Professors Randy E. Barnett and Evan D. Bernick have now provided what should become one of the standard reference works on this subject with The Original Meaning of the 14th Amendment: It’s Letter & Spirit. There is a lot in this book and a lot to this book, and it is all well done. The authors mine the historical record, discuss the interpretations offered by other scholars, and bring a fresh perspective to much of their work. And, no doubt, many will find surprising insights and observations sprinkled throughout this volume.
Barnett and Bernick begin with a March 12, 1871, four-page, handwritten letter from Supreme Court Justice Joseph Bradley to William Woods, a federal District Court judge in New Orleans who would one day join Bradley on the country’s highest bench. In that letter, which Barnett and Bernick do not believe has ever been published before, Bradley summarized his then-understanding of the 14th Amendment and how it was meant to be applied. Amazingly, the letter is almost entirely consistent with the approaches and conclusions offered by the two professors in their work. In the years after writing the letter, though, Bradley himself would go on to join an opinion contrary to a portion of the letter, and to author an opinion contrary to another part of the letter. It remains a mystery as to why Bradley changed his mind or reconsidered his positions. Nevertheless, the letter provides not only insight into the Justice’s thinking (at least as of 1871, when written), but serves as a sort of executive summary of Barnett’s and Bernick’s arguments, which they develop at length in their work.
The book itself is divided into three main sections, sections which, not surprisingly, track the three main sections of the 14th Amendment. The authors start with the “Privileges Or Immunities” clause, then discuss the “Due Process” clause, and conclude with the “Equal Protection” clause.
As to the “Privileges Or Immunities” clause, Barnett and Bernick, like many scholars, believe that the Supreme Court’s 1873 decision in the Slaughter-House Cases,
which all but read the clause out of the Constitution, to be mistaken. They engage in a thorough review of the historic record and conclude that “privileges or immunities” refers to (i) a positive-law protection or specification of a natural right, and to (ii) a state-created good that was widespread, entrenched, and deemed central to citizenship. Justice Scalia once asked during a Supreme Court oral argument why the appellants were pressing the Court to overrule the Slaughter-House Cases when a substantive due process analysis and argument could just as easily lead to the desired result and not overrule the long-established precedent.
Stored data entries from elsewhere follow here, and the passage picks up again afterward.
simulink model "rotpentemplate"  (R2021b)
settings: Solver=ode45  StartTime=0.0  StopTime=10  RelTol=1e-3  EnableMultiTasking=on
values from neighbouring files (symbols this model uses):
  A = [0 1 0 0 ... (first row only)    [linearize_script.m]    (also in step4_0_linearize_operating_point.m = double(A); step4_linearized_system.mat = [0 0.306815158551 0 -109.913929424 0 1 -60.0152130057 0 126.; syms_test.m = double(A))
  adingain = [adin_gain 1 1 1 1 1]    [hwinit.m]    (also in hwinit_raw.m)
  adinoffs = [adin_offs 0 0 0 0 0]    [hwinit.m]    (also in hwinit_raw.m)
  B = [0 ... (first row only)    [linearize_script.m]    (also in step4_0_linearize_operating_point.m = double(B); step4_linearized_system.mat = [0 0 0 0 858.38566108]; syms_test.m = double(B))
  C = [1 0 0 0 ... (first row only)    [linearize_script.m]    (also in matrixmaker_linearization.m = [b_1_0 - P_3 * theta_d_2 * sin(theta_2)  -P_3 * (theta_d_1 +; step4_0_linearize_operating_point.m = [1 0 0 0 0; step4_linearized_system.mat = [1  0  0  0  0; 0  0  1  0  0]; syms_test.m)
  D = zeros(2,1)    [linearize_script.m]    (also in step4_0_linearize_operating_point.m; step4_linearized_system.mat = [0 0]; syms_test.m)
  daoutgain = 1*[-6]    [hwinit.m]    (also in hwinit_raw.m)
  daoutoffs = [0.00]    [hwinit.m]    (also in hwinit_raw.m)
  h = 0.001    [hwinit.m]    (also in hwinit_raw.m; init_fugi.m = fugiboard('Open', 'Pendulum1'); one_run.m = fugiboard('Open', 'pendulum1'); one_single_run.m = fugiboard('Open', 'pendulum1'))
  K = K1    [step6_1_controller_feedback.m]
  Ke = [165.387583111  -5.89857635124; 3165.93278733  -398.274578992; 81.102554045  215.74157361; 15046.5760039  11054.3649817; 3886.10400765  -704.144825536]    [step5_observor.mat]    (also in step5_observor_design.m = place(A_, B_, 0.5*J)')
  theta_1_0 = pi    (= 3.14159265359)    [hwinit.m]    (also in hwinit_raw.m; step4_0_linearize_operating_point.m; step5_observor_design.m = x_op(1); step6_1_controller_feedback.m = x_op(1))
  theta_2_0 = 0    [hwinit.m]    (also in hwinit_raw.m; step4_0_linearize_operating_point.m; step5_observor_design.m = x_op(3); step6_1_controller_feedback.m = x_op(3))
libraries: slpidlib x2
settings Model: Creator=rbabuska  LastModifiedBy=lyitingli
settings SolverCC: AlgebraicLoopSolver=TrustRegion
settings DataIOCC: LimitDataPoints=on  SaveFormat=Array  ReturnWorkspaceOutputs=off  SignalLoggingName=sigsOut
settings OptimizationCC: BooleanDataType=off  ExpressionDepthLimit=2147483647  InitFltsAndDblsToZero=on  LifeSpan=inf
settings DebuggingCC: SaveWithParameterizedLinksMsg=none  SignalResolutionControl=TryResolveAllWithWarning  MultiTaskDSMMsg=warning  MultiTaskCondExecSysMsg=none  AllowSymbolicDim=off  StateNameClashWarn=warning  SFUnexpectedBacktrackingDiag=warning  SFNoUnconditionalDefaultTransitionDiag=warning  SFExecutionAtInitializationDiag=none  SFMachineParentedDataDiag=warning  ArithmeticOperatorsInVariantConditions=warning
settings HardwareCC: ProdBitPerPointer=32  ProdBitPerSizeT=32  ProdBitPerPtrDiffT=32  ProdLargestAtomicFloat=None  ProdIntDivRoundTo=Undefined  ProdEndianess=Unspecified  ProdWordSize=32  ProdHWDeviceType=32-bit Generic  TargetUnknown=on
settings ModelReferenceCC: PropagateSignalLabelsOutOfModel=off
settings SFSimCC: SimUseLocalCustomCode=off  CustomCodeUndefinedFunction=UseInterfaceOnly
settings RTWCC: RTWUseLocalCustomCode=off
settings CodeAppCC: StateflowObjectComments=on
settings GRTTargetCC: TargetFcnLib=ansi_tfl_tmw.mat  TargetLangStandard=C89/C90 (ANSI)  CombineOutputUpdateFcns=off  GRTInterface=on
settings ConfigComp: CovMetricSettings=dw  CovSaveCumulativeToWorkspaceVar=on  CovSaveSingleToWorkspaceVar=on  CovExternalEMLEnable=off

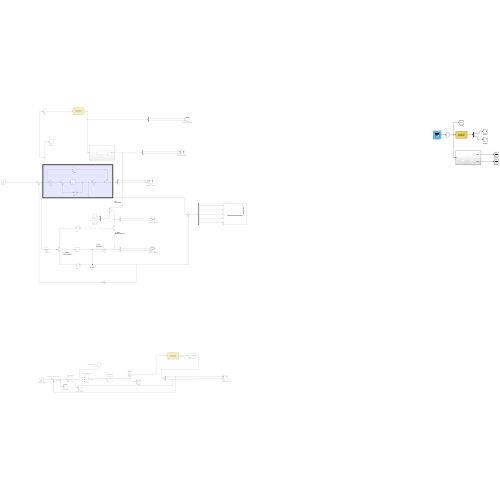
[thumbnail: Simulink's stored preview of the top-level diagram]
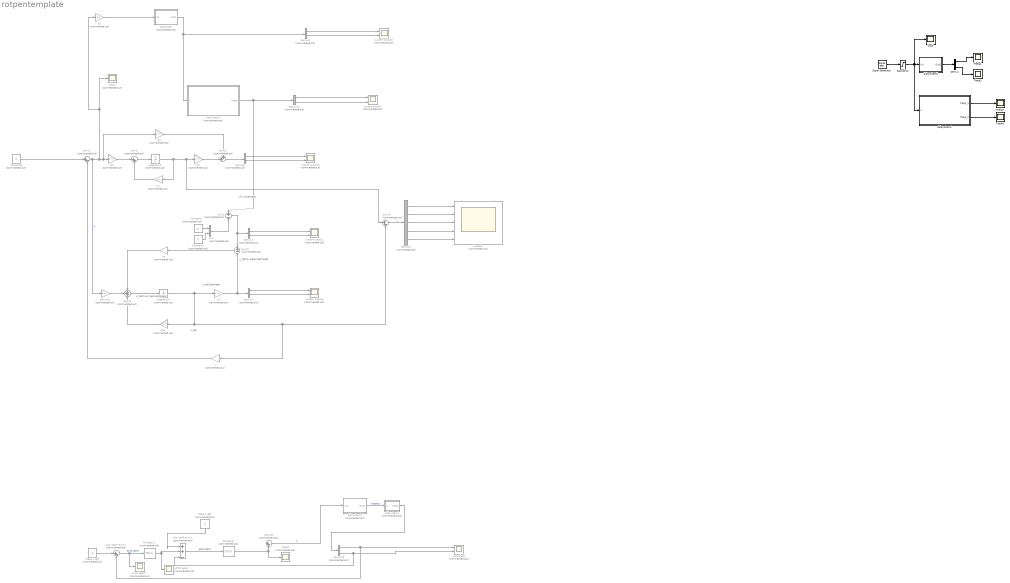
== system rotpentemplate ==
  note: y_hat(k)
      | output estimate
  note: x_hat(k+1)
      | next estimate
  note: y(k)
      | incremetal
  note: x_hat
      | Estimate
  note: x_hat
  A2 : Gain  Commented=on  Gain=A  Multiplication=Matrix(K*u) (u vector)
  B1 : Gain  Commented=on  Gain=-0.1
  B4 : Gain  Commented=on  Gain=B  Multiplication=Matrix(K*u)
  B5 : Gain  Commented=on  Gain=D  Multiplication=Matrix(K*u)
  C3 : Gain  Commented=on  Gain=C  Multiplication=Matrix(K*u) (u vector)
  C4 : Gain  Commented=on  Gain=C  Multiplication=Matrix(K*u) (u vector)
  Constant1 : Constant  Commented=on  Value=pi  SampleTime=-1
  Constant2 : Constant  Commented=on  Value=0  SampleTime=-1
  Constant3 : Constant  Commented=on  Value=0  SampleTime=0.001
  Demux : Demux  Outputs=2
  Demux{1..2,5,7,11,15} (6 alike) : Demux  Commented=on  Outputs=2
  Demux6 : Demux  Commented=on  Outputs=5
  Input : Scope
  Integrator3 : Integrator  Commented=on  InitialCondition=[0; 0; 0; 0; 0]
  Integrator4 : Integrator  Commented=on  InitialCondition=[0; 0; 0; 0; 0]
  Ke : Gain  Commented=on  Gain=Ke  Multiplication=Matrix(K*u) (u vector)
  L : Gain  Commented=on  Gain=1*K  Multiplication=Matrix(K*u) (u vector)
  Mux : Mux  Commented=on  Inputs=2
  PID beam1 : slpidlib/PID Controller  Commented=on  Controller=PID  Form=Parallel  TimeDomain=Continuous-time  UseExternalTs=off  SampleTime=-1  IntegratorMethod=Forward Euler  FilterMethod=Forward Euler  ControllerParametersSource=internal  P=-0.5  I=0  D=-0.02  UseFilter=on  N=100  TunerSelectOption=Transfer Function Based (PID Tuner App)  InitialConditionSource=internal  InitialConditionForIntegrator=0  InitialConditionForFilter=0  DifferentiatorICPrevScaledInput=0  ExternalReset=none  TrackingMode=off  Kt=1  LimitOutput=off  SatLimitsSource=internal  UpperSaturationLimit=inf  LowerSaturationLimit=-inf  LinearizeAsGain=on  AntiWindupMode=none  Kb=1  POutMin=[]  POutMax=[]  IOutMin=[]  IOutMax=[]  DOutMin=[]  DOutMax=[]  NOutMin=[]  NOutMax=[]  SumOutMin=[]  SumOutMax=[]  SaturationOutMin=[]  SaturationOutMax=[]  PParamMin=[]  PParamMax=[]  IParamMin=[]  IParamMax=[]  DParamMin=[]  DParamMax=[]  NParamMin=[]  NParamMax=[]  KbParamMin=[]  KbParamMax=[]  KtParamMin=[]  KtParamMax=[]  KbOutMin=[]  KbOutMax=[]  KtOutMin=[]  KtOutMax=[]  IntegratorOutMin=[]  IntegratorOutMax=[]  FilterOutMin=[]  FilterOutMax=[]  SumI1OutMin=[]  SumI1OutMax=[]  SumI2OutMin=[]  SumI2OutMax=[]  SumI3OutMin=[]  SumI3OutMax=[]  SumI4OutMin=[]  SumI4OutMax=[]  SumDOutMin=[]  SumDOutMax=[]  DifferentiatorOutMin=[]  DifferentiatorOutMax=[]  FilterDiffOutCoefMin=[]  FilterDiffOutCoefMax=[]  ReciprocalOutMin=[]  ReciprocalOutMax=[]  SumDenOutMin=[]  SumDenOutMax=[]  SumNumOutMin=[]  SumNumOutMax=[]  DivideOutMin=[]  DivideOutMax=[]  UdiffTsProdOutMin=[]  UdiffTsProdOutMax=[]  NTsProdOutMin=[]  NTsProdOutMax=[]  UintegralTsProdOutMin=[]  UintegralTsProdOutMax=[]  UngainTsProdOutMin=[]  UngainTsProdOutMax=[]  IntegratorContinuousStateAttributes=''  IntegratorStateMustResolveToSignalObject=off  IntegratorRTWStateStorageClass=Auto  FilterContinuousStateAttributes=''  FilterStateMustResolveToSignalObject=off  FilterRTWStateStorageClass=Auto  ParallelPVariant=InternalParameters  IdealPVariant=Disabled  IVariant=InternalParameters  DVariant=InternalParameters  IntegratorVariant=Continuous  SatVariant=Disabled  AWVariant=Passthrough  PCopyVariant=Disabled  TRVariant=Disabled  FdbkBlocksVariant=Forward  IdealPFdbkVariant=Disabled  SatFdbkVariant=Disabled  DerivativeFilterVariant=ContFilter  NVariant=InternalParameters  NCopyVariant=Disabled  FilterICVariant=InternalICsFilter  IntegratorICVariant=InternalICs  ExternalResetVariant=Disabled  TRSumVariant=Passthrough  SumFdbkVariant=Disabled  SumVariant=Sum_PID  TsampFilterVariant=InternalTs  TsampNgainVariant=Passthrough  TsampIntegralVariant=Passthrough  ExternalSaturationOutDataTypeStr=Inherit: Same as second input
  PID pend1 : slpidlib/PID Controller  Commented=on  Controller=PID  Form=Parallel  TimeDomain=Continuous-time  UseExternalTs=off  SampleTime=-1  IntegratorMethod=Forward Euler  FilterMethod=Forward Euler  ControllerParametersSource=internal  P=-10  I=0  D=-0.01  UseFilter=on  N=100  TunerSelectOption=Transfer Function Based (PID Tuner App)  InitialConditionSource=internal  InitialConditionForIntegrator=0  InitialConditionForFilter=0  DifferentiatorICPrevScaledInput=0  ExternalReset=none  TrackingMode=off  Kt=1  LimitOutput=off  SatLimitsSource=internal  UpperSaturationLimit=inf  LowerSaturationLimit=-inf  LinearizeAsGain=on  AntiWindupMode=none  Kb=1  POutMin=[]  POutMax=[]  IOutMin=[]  IOutMax=[]  DOutMin=[]  DOutMax=[]  NOutMin=[]  NOutMax=[]  SumOutMin=[]  SumOutMax=[]  SaturationOutMin=[]  SaturationOutMax=[]  PParamMin=[]  PParamMax=[]  IParamMin=[]  IParamMax=[]  DParamMin=[]  DParamMax=[]  NParamMin=[]  NParamMax=[]  KbParamMin=[]  KbParamMax=[]  KtParamMin=[]  KtParamMax=[]  KbOutMin=[]  KbOutMax=[]  KtOutMin=[]  KtOutMax=[]  IntegratorOutMin=[]  IntegratorOutMax=[]  FilterOutMin=[]  FilterOutMax=[]  SumI1OutMin=[]  SumI1OutMax=[]  SumI2OutMin=[]  SumI2OutMax=[]  SumI3OutMin=[]  SumI3OutMax=[]  SumI4OutMin=[]  SumI4OutMax=[]  SumDOutMin=[]  SumDOutMax=[]  DifferentiatorOutMin=[]  DifferentiatorOutMax=[]  FilterDiffOutCoefMin=[]  FilterDiffOutCoefMax=[]  ReciprocalOutMin=[]  ReciprocalOutMax=[]  SumDenOutMin=[]  SumDenOutMax=[]  SumNumOutMin=[]  SumNumOutMax=[]  DivideOutMin=[]  DivideOutMax=[]  UdiffTsProdOutMin=[]  UdiffTsProdOutMax=[]  NTsProdOutMin=[]  NTsProdOutMax=[]  UintegralTsProdOutMin=[]  UintegralTsProdOutMax=[]  UngainTsProdOutMin=[]  UngainTsProdOutMax=[]  IntegratorContinuousStateAttributes=''  IntegratorStateMustResolveToSignalObject=off  IntegratorRTWStateStorageClass=Auto  FilterContinuousStateAttributes=''  FilterStateMustResolveToSignalObject=off  FilterRTWStateStorageClass=Auto  ParallelPVariant=InternalParameters  IdealPVariant=Disabled  IVariant=InternalParameters  DVariant=InternalParameters  IntegratorVariant=Continuous  SatVariant=Disabled  AWVariant=Passthrough  PCopyVariant=Disabled  TRVariant=Disabled  FdbkBlocksVariant=Forward  IdealPFdbkVariant=Disabled  SatFdbkVariant=Disabled  DerivativeFilterVariant=ContFilter  NVariant=InternalParameters  NCopyVariant=Disabled  FilterICVariant=InternalICsFilter  IntegratorICVariant=InternalICs  ExternalResetVariant=Disabled  TRSumVariant=Passthrough  SumFdbkVariant=Disabled  SumVariant=Sum_PID  TsampFilterVariant=InternalTs  TsampNgainVariant=Passthrough  TsampIntegralVariant=Passthrough  ExternalSaturationOutDataTypeStr=Inherit: Same as second input
  Saturation : Saturate  UpperLimit=1  LowerLimit=-1
  Scope1 : Scope  Commented=on  NumInputPorts=5
  Signal Generator : SignalGenerator  Amplitude=0.3*0.5  Frequency=[1 2]
  Subsystem : Subsystem  Commented=on
      mask Display: disp('Rotational\nPendulum')
  Subsystem1 : Subsystem  Commented=on
  Subsystem2 : Subsystem  Commented=on
  Subsystem3 : Subsystem  Commented=on
      mask Display: disp('Rotational\nPendulum')
  Subsystem4 : Subsystem
  Subsystem5 : Subsystem
      mask Display: disp('Rotational\nPendulum')
  Sum beam error1 : Sum  Commented=on  Inputs=|+-
  Sum pend error1 : Sum  Commented=on  Inputs=|++-
  Sum1 : Sum  Commented=on  Inputs=+|-
  Sum10 : Sum  Commented=on  Inputs=++|
  Sum11 : Sum  Commented=on  Inputs=|+-
  Sum12 : Sum  Commented=on  Inputs=+|-
  Sum13 : Sum  Commented=on  Inputs=+++
  Sum14 : Sum  Commented=on  Inputs=|+-
  Sum9 : Sum  Commented=on  Inputs=|++
  Theta 1 ref2 : Constant  Commented=on  Value=pi
  Theta 2 ref2 : Constant  Commented=on  Value=0
  Theta{1..4} (4 alike) : Scope
  controled1 : Scope  Commented=on  NumInputPorts=2
  disturb1 : Sum  Commented=on  Inputs=|++
  error beam1 : Scope  Commented=on
  gamma1 : Gain  Commented=on  Gain=B  Multiplication=Matrix(K*u)
  input4 : Scope  Commented=on
  input8 : Scope  Commented=on
  phi1 : Gain  Commented=on  Gain=A  Multiplication=Matrix(K*u) (u vector)
  ref for pend1 : Scope  Commented=on
  system output{1..4,7} (5 alike) : Scope  Commented=on  NumInputPorts=2
  wires:
  Sum14/1 -> Demux6/1  "u"
  Constant3/1 -> Sum11/1
  Sum12/1 -> Ke/1
  Sum10/1 -> Demux5/1
  Integrator3/1 -> C3/1, Sum14/1, A2/1
  Sum9/1 -> Integrator3/1
  Demux7/1 -> system output4/1
  Demux5/2 -> system output3/2
  Ke/1 -> Sum13/1
  L/1 -> Sum11/2
  B4/1 -> Sum9/1
  phi1/1 -> Sum13/3
  Demux5/1 -> system output3/1
  Demux6/3 -> Scope1/3
  Demux7/2 -> system output4/2
  Demux6/5 -> Scope1/5
  B5/1 -> Sum10/1
  A2/1 -> Sum9/2
  Demux6/4 -> Scope1/4
  Sum13/1 -> Integrator4/1
  C4/1 -> Sum12/2, Demux7/1
  Demux11/2 -> system output7/2
  Demux6/1 -> Scope1/1
  Integrator4/1 -> phi1/1, L/1, Sum14/2, C4/1
  gamma1/1 -> Sum13/2
  Sum11/1 -> B1/1, input4/1, B4/1, B5/1, gamma1/1  "u"
  C3/1 -> Sum10/2
  Demux11/1 -> system output7/1
  Demux6/2 -> Scope1/2
  Sum1/1 -> Demux1/1, Sum12/1
  Constant1/1 -> Mux/1
  Constant2/1 -> Mux/2
  Demux1/1 -> system output1/1
  Demux1/2 -> system output1/2
  Mux/1 -> Sum1/2
  Subsystem2/1(theta) -> Sum1/1, Demux11/1
  Demux2/2 -> system output2/2
  Demux2/1 -> system output2/1
  Subsystem/1(Out1) -> Demux2/1, Subsystem2/1(u)
  B1/1 -> Subsystem/1(In1)
  Demux15/1 -> controled1/1, Sum beam error1/2
  Sum beam error1/1 -> PID beam1/1, error beam1/1  "error term"
  disturb1/1 -> Subsystem3/1(In1)  "u"
  Theta 2 ref2/1 -> Sum pend error1/1
  Theta 1 ref2/1 -> Sum beam error1/1
  Demux15/2 -> Sum pend error1/3, controled1/2
  Sum pend error1/1 -> PID pend1/1  "error term"
  PID beam1/1 -> ref for pend1/1, Sum pend error1/2
  PID pend1/1 -> input8/1, disturb1/2
  Subsystem3/1(Out1) -> Subsystem1/1(u)  "output y"
  Subsystem1/1(theta) -> Demux15/1
  Demux/1 -> Theta1/1
  Subsystem5/1(Out1) -> Demux/1
  Demux/2 -> Theta2/1
  Signal Generator/1 -> Saturation/1
  Saturation/1 -> Subsystem4/1(u), Subsystem5/1(In1), Input/1
  Subsystem4/1(theta_1) -> Theta3/1
  Subsystem4/2(theta_2) -> Theta4/1

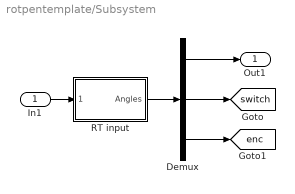
== system rotpentemplate/Subsystem ==
  In1 : Inport
  Demux : Demux  Outputs=[2 4 1]
  RT input : Subsystem  mask{Ts=h, channels=[6 7]}
      mask prompts: Ts "Sample time [s]:"; channels "Channels to read (e.g., [6 7])"
      mask init:
      | hwinit;
      | 
      | % initialize FPGA
      | fugihandle = fugiboard('Open', 'Pendulum1');
      | fugihandle.WatchdogTimeout = 0.5;
      | fugiboard('SetParams', fugihandle);
      | fugiboard('Write', fugihandle, 0, 0, 0, 0);  % dummy write to sync interface board
      | fugiboard('Write', fugihandle, 5, 1, 0, 0);  % reset position, activate relay
      | data = fugiboard('Read', fugihandle);        % get version info from FPGA
      | % model = bitshift(data(1), -5); 
      | % version = bitand(data(1), 31);
      | % disp(sprintf('FPGA setup %d, version %d', model, version)); % for the B&P it should say 1 1, or else there is a problem
      | fugiboard('Write', fugihandle, 0, 1, 0, 0);  % end reset
      | pause(0.1);                         % give relay some time to respond
      mask Display: disp('Rotational\nPendulum')
  Out1 : Outport
  tag scope: enc=global, switch=global
  wires:
  RT input/1(Angles) -> Demux/1
  Demux/1 -> Out1/1
  Demux/2 -> [switch]
  Demux/3 -> [enc]
  In1/1 -> RT input/1(Motors)

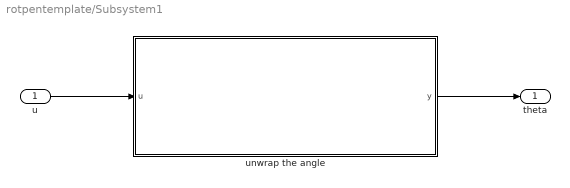
== system rotpentemplate/Subsystem1 ==
  u : Inport
  unwrap the angle : MATLAB Function  TreatAsAtomicUnit=on
  theta : Outport
  wires:
  u/1 -> unwrap the angle/1(u)
  unwrap the angle/1(y) -> theta/1

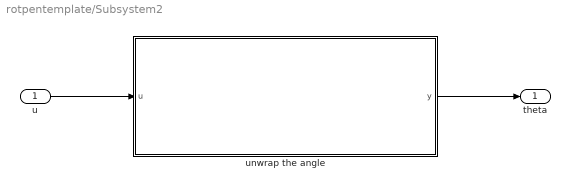
== system rotpentemplate/Subsystem2 ==
  u : Inport
  unwrap the angle : MATLAB Function  TreatAsAtomicUnit=on
  theta : Outport
  wires:
  u/1 -> unwrap the angle/1(u)
  unwrap the angle/1(y) -> theta/1

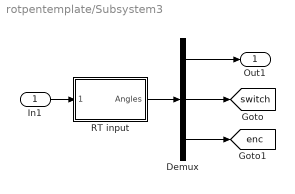
== system rotpentemplate/Subsystem3 ==
  In1 : Inport
  Demux : Demux  Outputs=[2 4 1]
  RT input : Subsystem  mask{Ts=h, channels=[6 7]}
      mask prompts: Ts "Sample time [s]:"; channels "Channels to read (e.g., [6 7])"
      mask init: same as rotpentemplate/Subsystem/RT input
      mask Display: disp('Rotational\nPendulum')
  Out1 : Outport
  tag scope: enc=global, switch=global
  wires:
  RT input/1(Angles) -> Demux/1
  Demux/1 -> Out1/1
  Demux/2 -> [switch]
  Demux/3 -> [enc]
  In1/1 -> RT input/1(Motors)

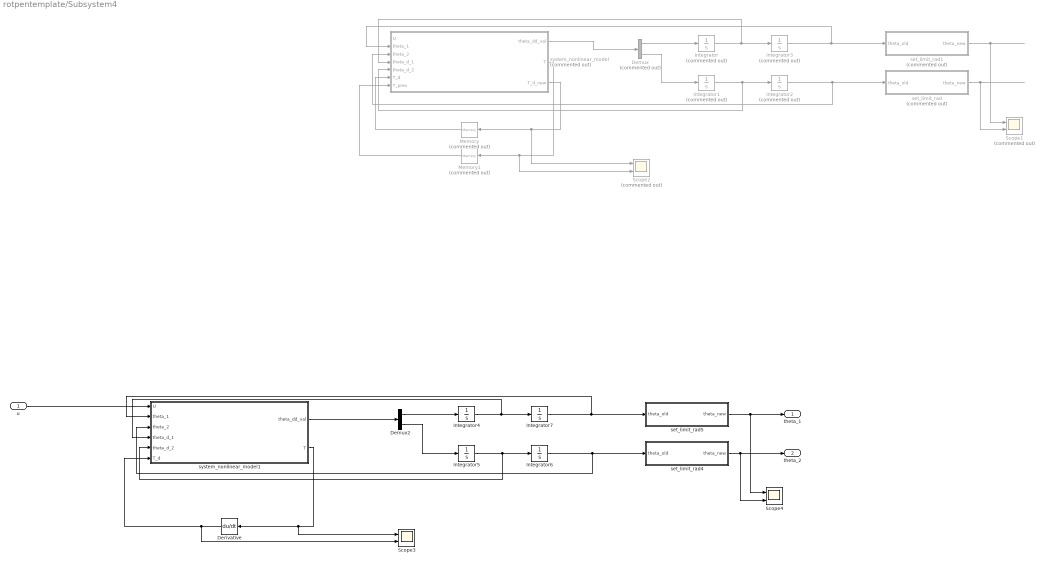
== system rotpentemplate/Subsystem4 ==
  u : Inport
  Demux : Demux  Commented=on  Outputs=2
  Demux2 : Demux  Outputs=2
  Derivative : Derivative  CoefficientInTFapproximation=0
  Integrator : Integrator  Commented=on
  Integrator1 : Integrator  Commented=on
  Integrator2 : Integrator  Commented=on  InitialCondition=theta_2_0
  Integrator3 : Integrator  Commented=on  InitialCondition=theta_1_0
  Integrator4 : Integrator
  Integrator5 : Integrator
  Integrator6 : Integrator  InitialCondition=theta_2_0
  Integrator7 : Integrator  InitialCondition=theta_1_0
  Memory : Memory  Commented=on  InheritSampleTime=on
  Memory1 : Memory  Commented=on  InheritSampleTime=on
  Scope1 : Scope  Commented=on  NumInputPorts=2
  Scope2 : Scope  Commented=on  NumInputPorts=2
  Scope3 : Scope  NumInputPorts=2
  Scope4 : Scope  NumInputPorts=2
  set_limit_rad : MATLAB Function  Commented=on  TreatAsAtomicUnit=on
  set_limit_rad1 : MATLAB Function  Commented=on  TreatAsAtomicUnit=on
  set_limit_rad4 : MATLAB Function  TreatAsAtomicUnit=on
  set_limit_rad5 : MATLAB Function  TreatAsAtomicUnit=on
  system_nonlinear_model : MATLAB Function  Commented=on  TreatAsAtomicUnit=on
  system_nonlinear_model1 : MATLAB Function  TreatAsAtomicUnit=on
  theta_1 : Outport
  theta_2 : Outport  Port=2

Barnett and Bernick would have responded that fidelity to the text and meaning of the amendment, rather than adherence to old decisions which are now perceived as contrary to the amendment, increases judicial and legitimacy. Regardless, their discussion of the “Privileges Or Immunities” clause is compelling.
The professors’ review of the “Due Process” clause is equally compelling and, for many, may be surprising. The concept of “substantive” due process has long been criticized by some, who argue that the due process clause was only intended to ensure adequate procedural protections and was never meant to have a “substantive” component. Barnett and Bernick, however, argue that due process not only requires appropriate procedural protections, but also acts to limit arbitrary or capricious government action which goes beyond the scope of the states’ police powers. Ultimately, they argue, legislation is arbitrary (and therefore a “substantive” violation) where there is an insufficient relationship between the means adopted by the legislature and the ends for which the legislation was adopted. Thus, under their reading, at least a modest form of substantive due process protection does exist.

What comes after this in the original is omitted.